Below are records with pictures. Reproduce exactly the lines from the line with "[diagram v1a: board, top" to the line with "- added U$1: SPLITTER, PowerManagement:SPLITTER", inclusive, and leave each picture out.

---------- DATA FOR THIS TASK

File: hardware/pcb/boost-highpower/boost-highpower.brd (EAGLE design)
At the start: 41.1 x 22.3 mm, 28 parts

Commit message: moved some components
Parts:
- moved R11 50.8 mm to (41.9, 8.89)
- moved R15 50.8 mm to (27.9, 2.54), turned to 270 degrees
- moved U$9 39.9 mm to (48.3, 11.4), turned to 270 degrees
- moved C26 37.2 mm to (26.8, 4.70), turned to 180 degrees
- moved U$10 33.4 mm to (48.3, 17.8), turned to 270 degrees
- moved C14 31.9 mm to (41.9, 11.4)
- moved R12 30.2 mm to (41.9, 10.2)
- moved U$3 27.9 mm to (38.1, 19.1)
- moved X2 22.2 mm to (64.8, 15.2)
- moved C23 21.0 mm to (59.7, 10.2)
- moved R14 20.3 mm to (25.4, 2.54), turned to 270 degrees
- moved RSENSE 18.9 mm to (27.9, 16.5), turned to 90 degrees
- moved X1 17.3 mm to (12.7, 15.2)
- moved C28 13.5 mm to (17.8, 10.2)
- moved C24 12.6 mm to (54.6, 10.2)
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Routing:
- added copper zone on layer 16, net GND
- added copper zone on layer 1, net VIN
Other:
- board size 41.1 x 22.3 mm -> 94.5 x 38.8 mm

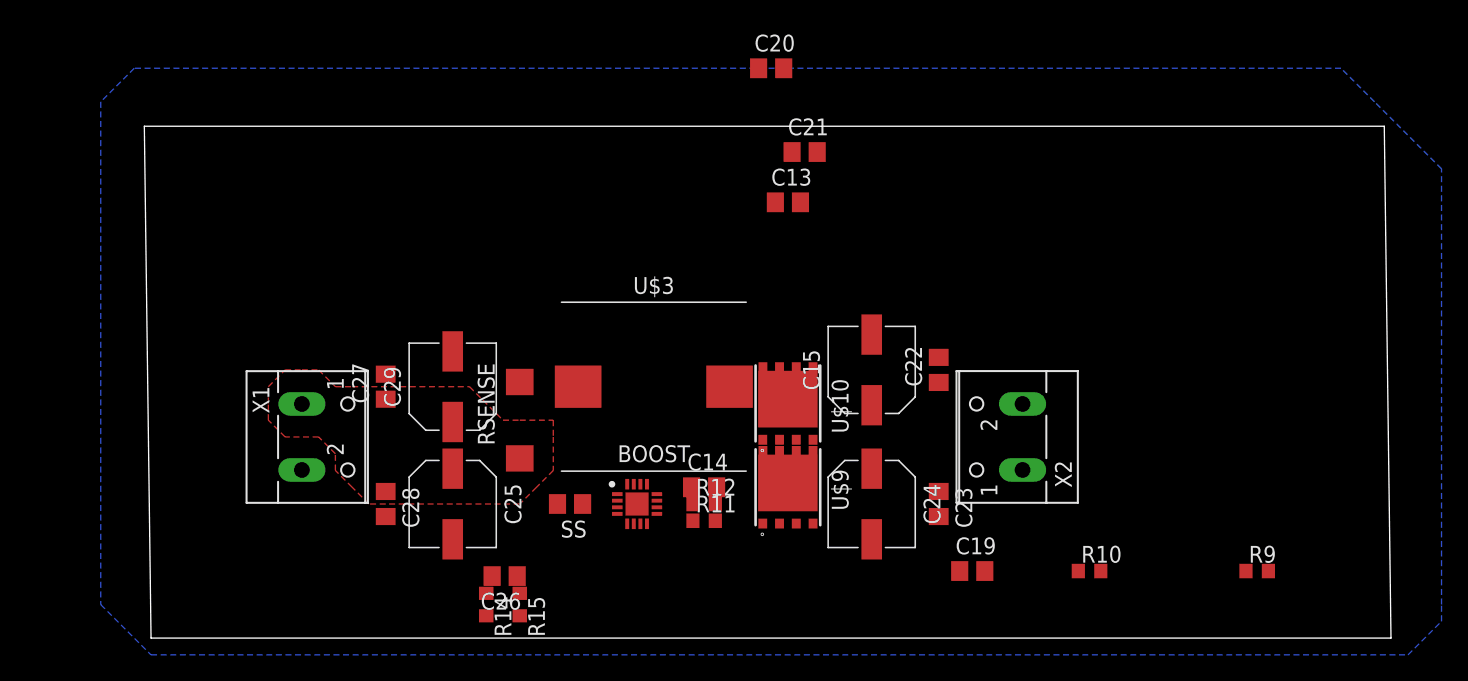
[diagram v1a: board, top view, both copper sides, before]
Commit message: Moved components to a first place
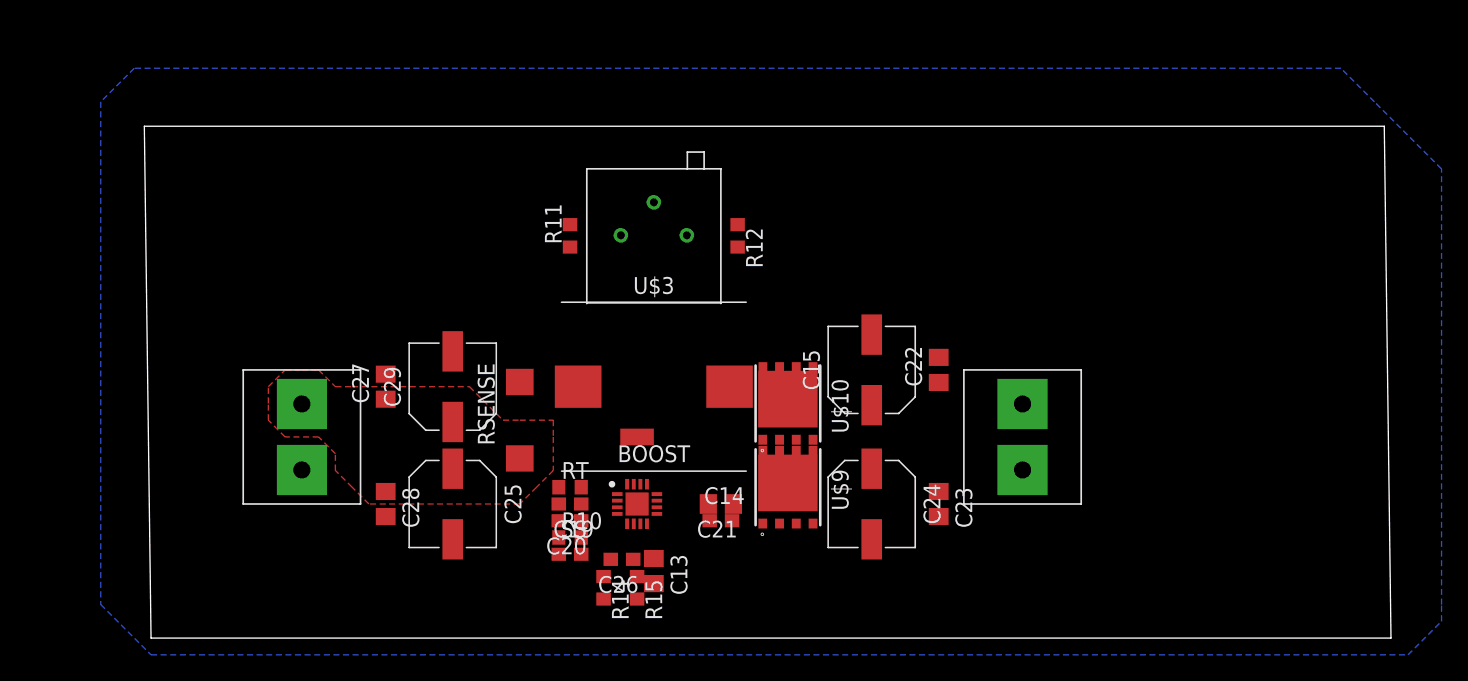
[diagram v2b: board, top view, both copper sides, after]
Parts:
- removed R9: 75k, rcl:R0603
- removed X1, X2: (no value), con-wago-500:W237-102
- added RT: 75k, rcl:R0603
- added U$1: SPLITTER, PowerManagement:SPLITTER
- added U$2: 67PR10KLF, Passive:67PR10KLF
- added U$4, U$5: TERMINAL_BLOCK_5MM_WPADS, Connectors:TERMINAL_5MM_WITH_SOLDERPADS
- C14: value 4.7µF -> 1µF; device rcl:C0805 -> rcl:C0603
- C19, C20, C26, SS: device rcl:C0805 -> rcl:C0603
- C21: value 100nF -> 0.1µF
- R11: value 10k -> 1k
- R12: value 88k -> 34.1k
- moved R10 39.5 mm to (31.8, 7.62)
- moved C20 37.5 mm to (31.8, 8.89), turned to 180 degrees
- moved C19 30.5 mm to (31.8, 6.35)
- moved C13 29.7 mm to (38.1, 5.08), turned to 270 degrees
- moved C21 27.4 mm to (43.2, 10.2), turned to 180 degrees
- moved R11 23.9 mm to (31.8, 30.5), turned to 90 degrees
- moved R12 20.5 mm to (44.5, 30.5), turned to 270 degrees
- moved R14 8.98 mm to (34.3, 3.81)
- moved C26 8.98 mm to (35.7, 5.97)
- moved R15 8.98 mm to (36.8, 3.81)
- moved C14 2.84 mm to (43.2, 8.89)
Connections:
- net N$12 renamed SS
- net N$16 renamed BOOT
- net N$19 renamed SW
- net N$2 renamed VCC
- net N$22 renamed ISNS-
- net N$23 renamed ISNS+
- removed net N$11: BOOST.1, R9.2
- new net AGND: BOOST.16, U$1.P$2
- new net N$3: R12.1, U$2.P$3
- new net N$4: R11.2, U$2.P$1
- new net RT: BOOST.1, RT.2
- net GND: now also RT.1, U$1.P$1, U$4.P$1, U$5.P$2; no longer BOOST.16, R9.1, X1.2, X2.1
- net N$20: now also U$2.P$2; no longer R11.2, R12.1
- net VIN: now also U$5.P$1; no longer X1.1
- net VOUT: now also U$4.P$2; no longer X2.2

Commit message: Routed board
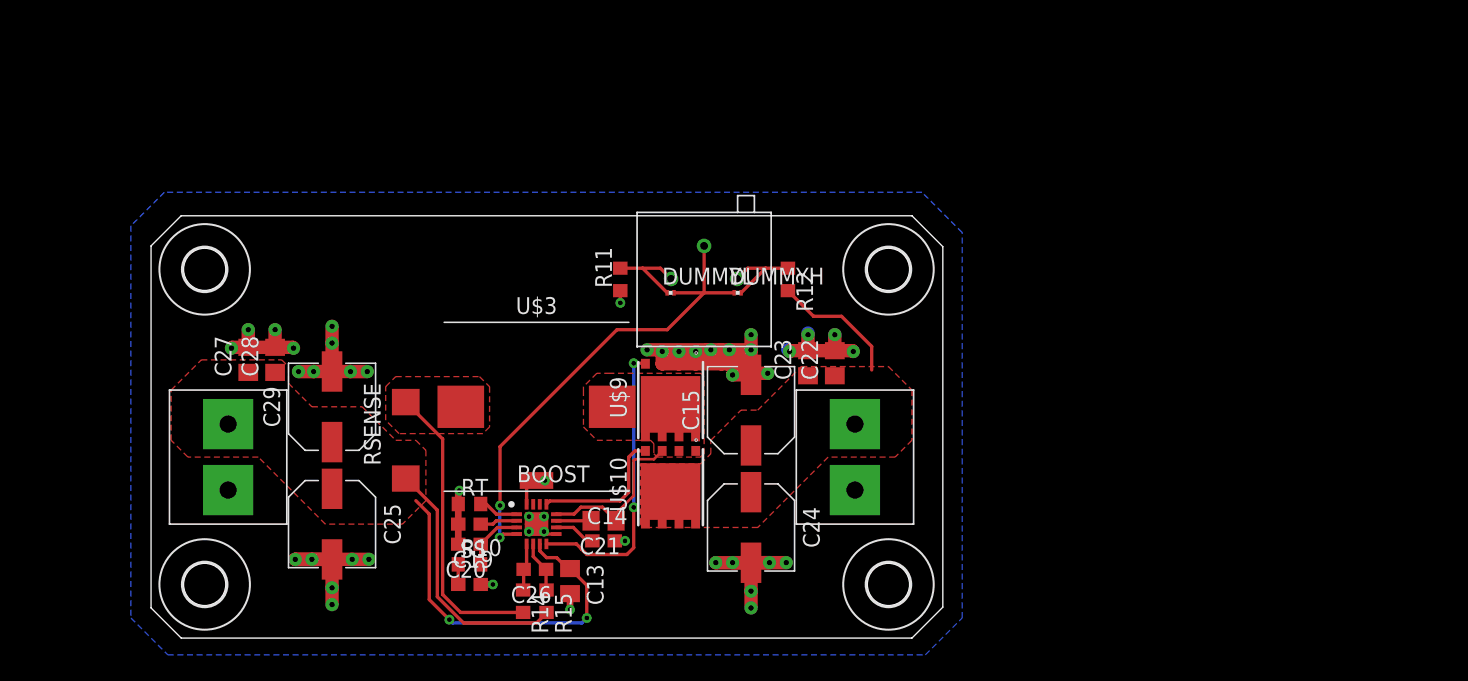
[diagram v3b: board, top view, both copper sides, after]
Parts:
- added DUMMYH, DUMMYL: (no value), rcl:R0201
- added H1, H2, H3, H4: MOUNT-HOLE3.2, holes:3,2
- moved C23 14.6 mm to (49.8, 20.8), turned to 90 degrees
- moved C28 13.8 mm to (9.40, 21.1), turned to 90 degrees
- moved U$4 12.8 mm to (53.3, 13.7)
- moved U$9 11.1 mm to (39.4, 18.0), turned to 90 degrees
- moved U$10 10.9 mm to (39.4, 11.4), turned to 90 degrees
- moved C27 10.6 mm to (7.37, 21.1)
- moved C15 9.64 mm to (45.5, 17.3)
- moved C24 9.32 mm to (45.5, 8.38)
- moved C25 9.27 mm to (13.7, 8.64)
- moved C29 9.27 mm to (13.7, 17.5)
- moved C14 9.02 mm to (34.3, 7.37)
- moved U$3 9.02 mm to (29.2, 17.5)
- moved C21 8.98 mm to (34.3, 8.89)
- moved RSENSE 8.77 mm to (19.3, 15.0)
- moved U$1 8.30 mm to (29.2, 11.9), turned to 270 degrees
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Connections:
- net N$20: now also DUMMYH.1, DUMMYL.2
- net N$3: now also DUMMYH.2
- net N$4: now also DUMMYL.1
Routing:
- net GND: track 0.00 -> 99.2 mm, vias 0 -> 46
- net VIN: track 0.00 -> 47.8 mm, vias 0 -> 2
- net N$20: track 0.00 -> 36.7 mm, vias 0 -> 2
- net N$18: track 0.00 -> 22.4 mm
- net LDRV: track 0.00 -> 22.1 mm, vias 0 -> 2
- net SW: track 0.00 -> 12.8 mm
- net HDRV: track 0.00 -> 10.7 mm
- net VOUT: track 0.00 -> 9.88 mm
- net N$3: track 0.00 -> 6.82 mm
- net N$4: track 0.00 -> 6.82 mm
- net COMP: track 0.00 -> 4.78 mm
- net ISNS+: track 0.00 -> 3.91 mm
- net ISNS-: track 0.00 -> 3.60 mm
- net VCC: track 0.00 -> 3.15 mm
- net RT: track 0.00 -> 3.05 mm
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- added copper zone on layer 1, net N$18
- added copper zone on layer 1, net SW
- added copper zone on layer 1, net VOUT
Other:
- board size 94.5 x 38.8 mm -> 60 x 32 mm
- board text added: "."
- board text added: "Boost module 4.5 - 35 V input 5 - 58 V output"
- board text added: "Boost module TSP43061 Oskar Johansson 2020-03-30 Rev 1"
- board text added: "Bridge if no pot"
- board text added: "GND"
- board text added: "VIN"

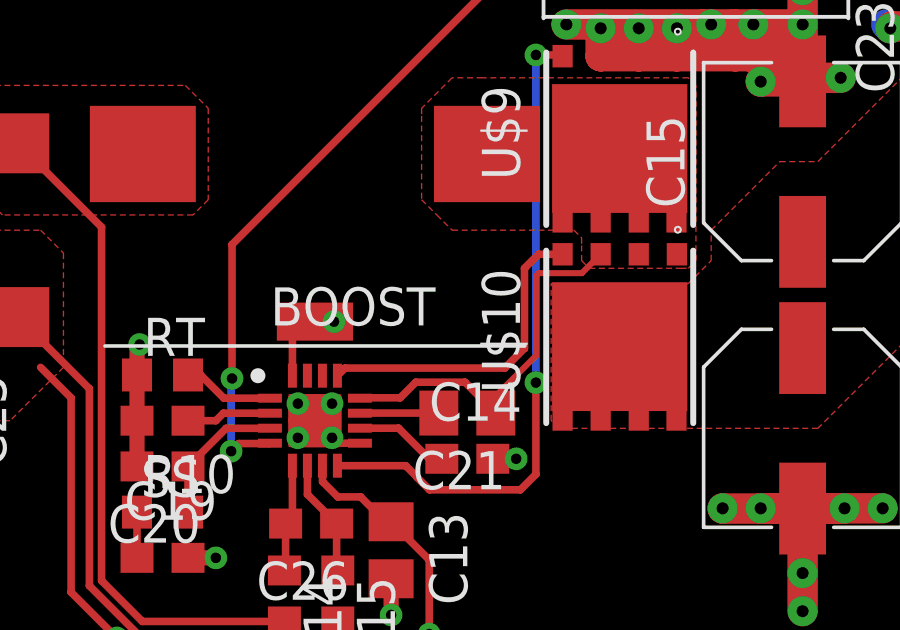
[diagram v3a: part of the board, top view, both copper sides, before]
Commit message: Added 10A to silkscreen
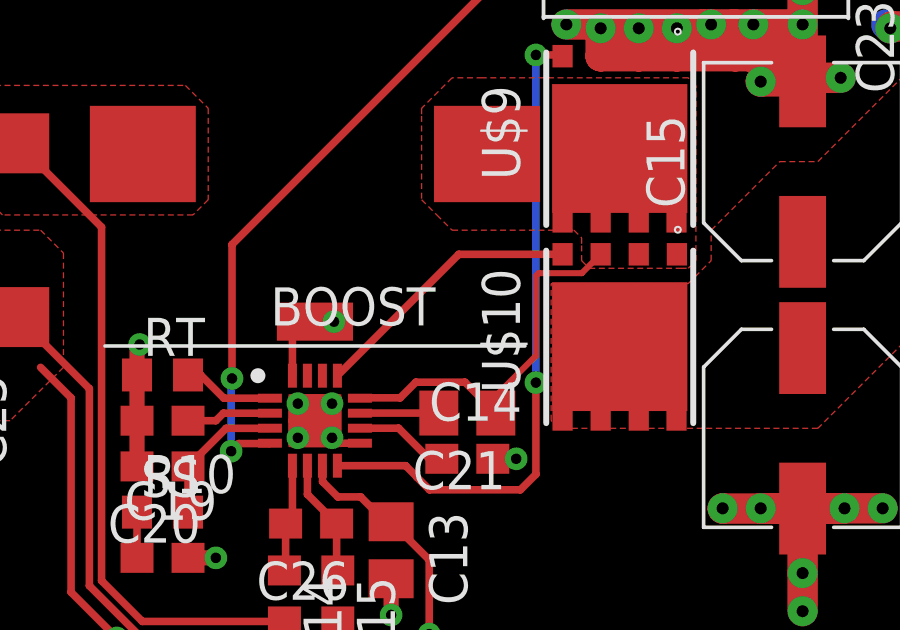
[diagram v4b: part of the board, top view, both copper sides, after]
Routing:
- net HDRV: track 10.7 -> 9.18 mm
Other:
- board text added: "Boost module 4.5 - 35 V input 5 - 58 V output 10 A"
- board text removed: "Boost module 4.5 - 35 V input 5 - 58 V output"
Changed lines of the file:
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@@
 <wire x1="0" y1="29.718" x2="0" y2="2.286" width="0" layer="20"/>
 <wire x1="0" y1="2.286" x2="2.286" y2="0" width="0" layer="20"/>
-<text x="10.16" y="29.972" size="1.2" layer="51" align="top-left">Boost module
+<text x="9.906" y="29.9974" size="1.2" layer="51" align="top-left">Boost module
 4.5 - 35 V input
- 5 - 58 V output</text>
+ 5 - 58 V output
+10 A</text>
 <text x="10.16" y="8.382" size="1.2" layer="51" align="top-right">GND</text>
 <text x="49.276" y="8.128" size="1.2" layer="51" align="top-left">GND</text>
@@
 <contactref element="BOOST" pad="13"/>
 <contactref element="U$10" pad="4"/>
-<wire x1="37.465" y1="14.1825" x2="36.6615" y2="14.1825" width="0.254" layer="1"/>
-<wire x1="35.536" y1="10.39" x2="30.214" y2="10.39" width="0.254" layer="1"/>
-<wire x1="30.214" y1="10.39" x2="29.96" y2="10.136" width="0.254" layer="1"/>
-<wire x1="36.6615" y1="14.1825" x2="36.195" y2="13.716" width="0.254" layer="1"/>
-<wire x1="36.195" y1="13.716" x2="36.195" y2="11.049" width="0.254" layer="1"/>
-<wire x1="36.195" y1="11.049" x2="35.536" y2="10.39" width="0.254" layer="1"/>
+<wire x1="37.465" y1="14.1825" x2="34.0065" y2="14.1825" width="0.254" layer="1"/>
+<wire x1="34.0065" y1="14.1825" x2="29.96" y2="10.136" width="0.254" layer="1"/>
 </signal>
 <signal name="VCC">

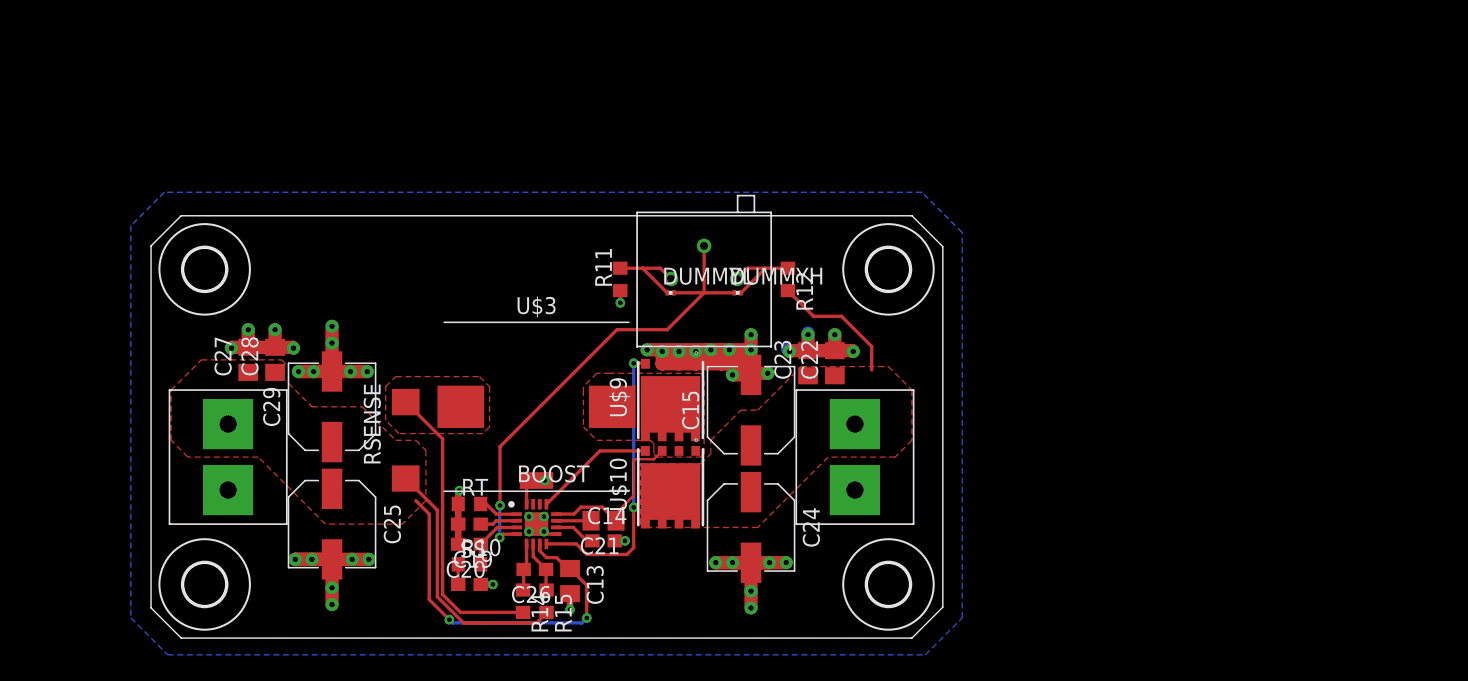
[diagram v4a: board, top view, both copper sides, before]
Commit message: Changed cap to 50V and 100V to meet requirement
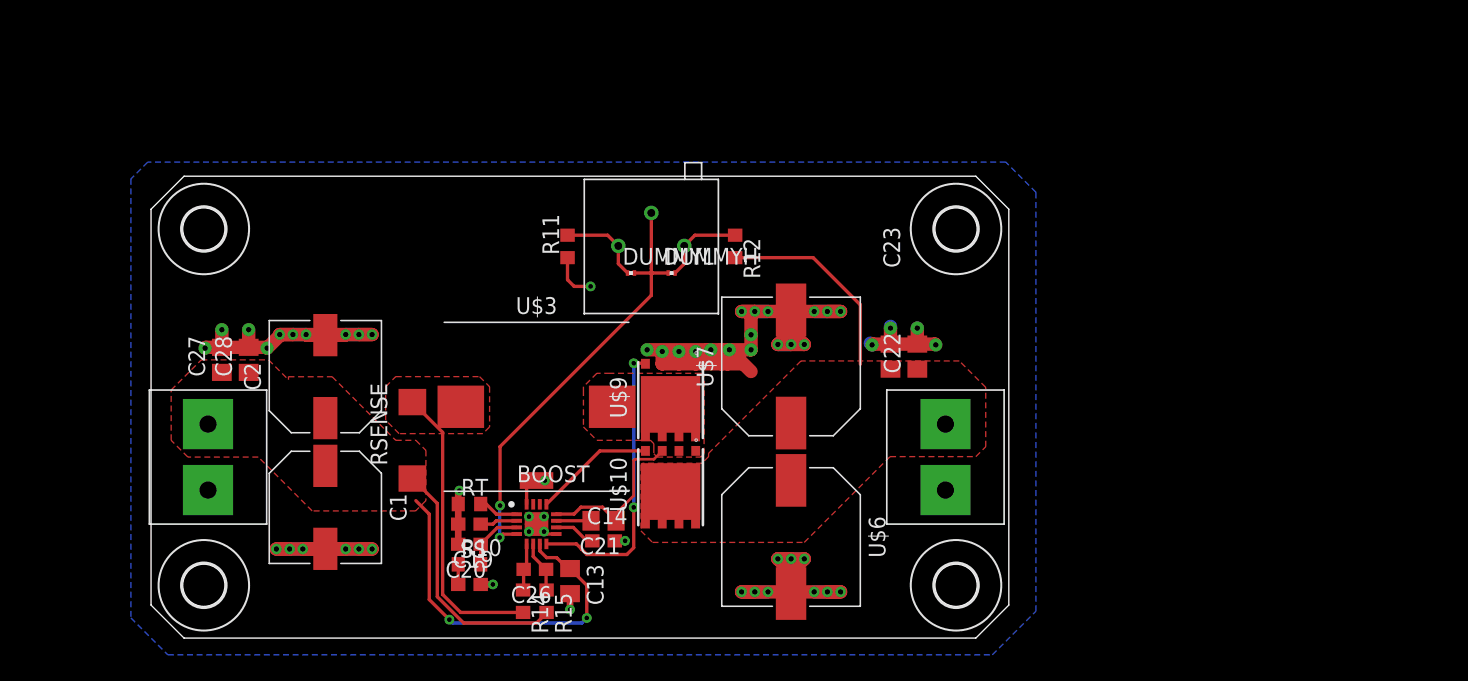
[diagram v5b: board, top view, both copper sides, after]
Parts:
- removed C15, C24, C25, C29: 100uF, Passive:CAPAE660X700N
- added C1, C2: 100µF, Passive:CAPAE830X850N
- added U$6, U$7: 100µF, Passive:CAPAE1030X1000N
- moved U$4 6.86 mm to (60.2, 13.7)
- moved C22 6.27 mm to (58.1, 21.3)
- moved C23 6.27 mm to (56.0, 21.3)
- moved H4 5.96 mm to (61.0, 31.0)
- moved DUMMYH 5.22 mm to (39.5, 27.7)
- moved H3 5.12 mm to (61.0, 4.00)
- moved R11 4.72 mm to (31.6, 29.7)
- moved U$2 4.72 mm to (37.9, 32.2)
- moved R12 4.72 mm to (44.3, 29.7)
- moved DUMMYL 3.35 mm to (36.4, 27.7)
- moved H1 3.06 mm to (4.00, 31.0)
- moved C27 2.00 mm to (5.37, 21.1)
- moved C28 2.00 mm to (7.40, 21.1)
- moved U$5 1.52 mm to (4.32, 13.7)
- moved RSENSE 0.50 mm to (19.8, 15.0)
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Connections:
- net GND: now also C1.2, C2.2, U$6.2, U$7.2; no longer C15.2, C24.2, C25.2, C29.2
- net VIN: now also C1.1, C2.1; no longer C25.1, C29.1
- net VOUT: now also U$6.1, U$7.1; no longer C15.1, C24.1
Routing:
- net GND: track 99.2 -> 139.8 mm, vias 46 -> 56
- net VOUT: track 9.88 -> 15.5 mm
- net N$20: track 36.7 -> 33.5 mm
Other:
- board size 60 x 32 mm -> 65 x 35 mm
- board text added: "Boost module TSP43061 Oskar Johansson 2020-03-31 Rev 2"
- board text added: "VOUT"
- board text removed: "Boost module TSP43061 Oskar Johansson 2020-03-30 Rev 1"

--------------------

**TASK SOLUTION**
[diagram v1a: board, top view, both copper sides, before]
Commit message: Moved components to a first place
[diagram v2b: board, top view, both copper sides, after]
Parts:
- removed R9: 75k, rcl:R0603
- removed X1, X2: (no value), con-wago-500:W237-102
- added RT: 75k, rcl:R0603
- added U$1: SPLITTER, PowerManagement:SPLITTER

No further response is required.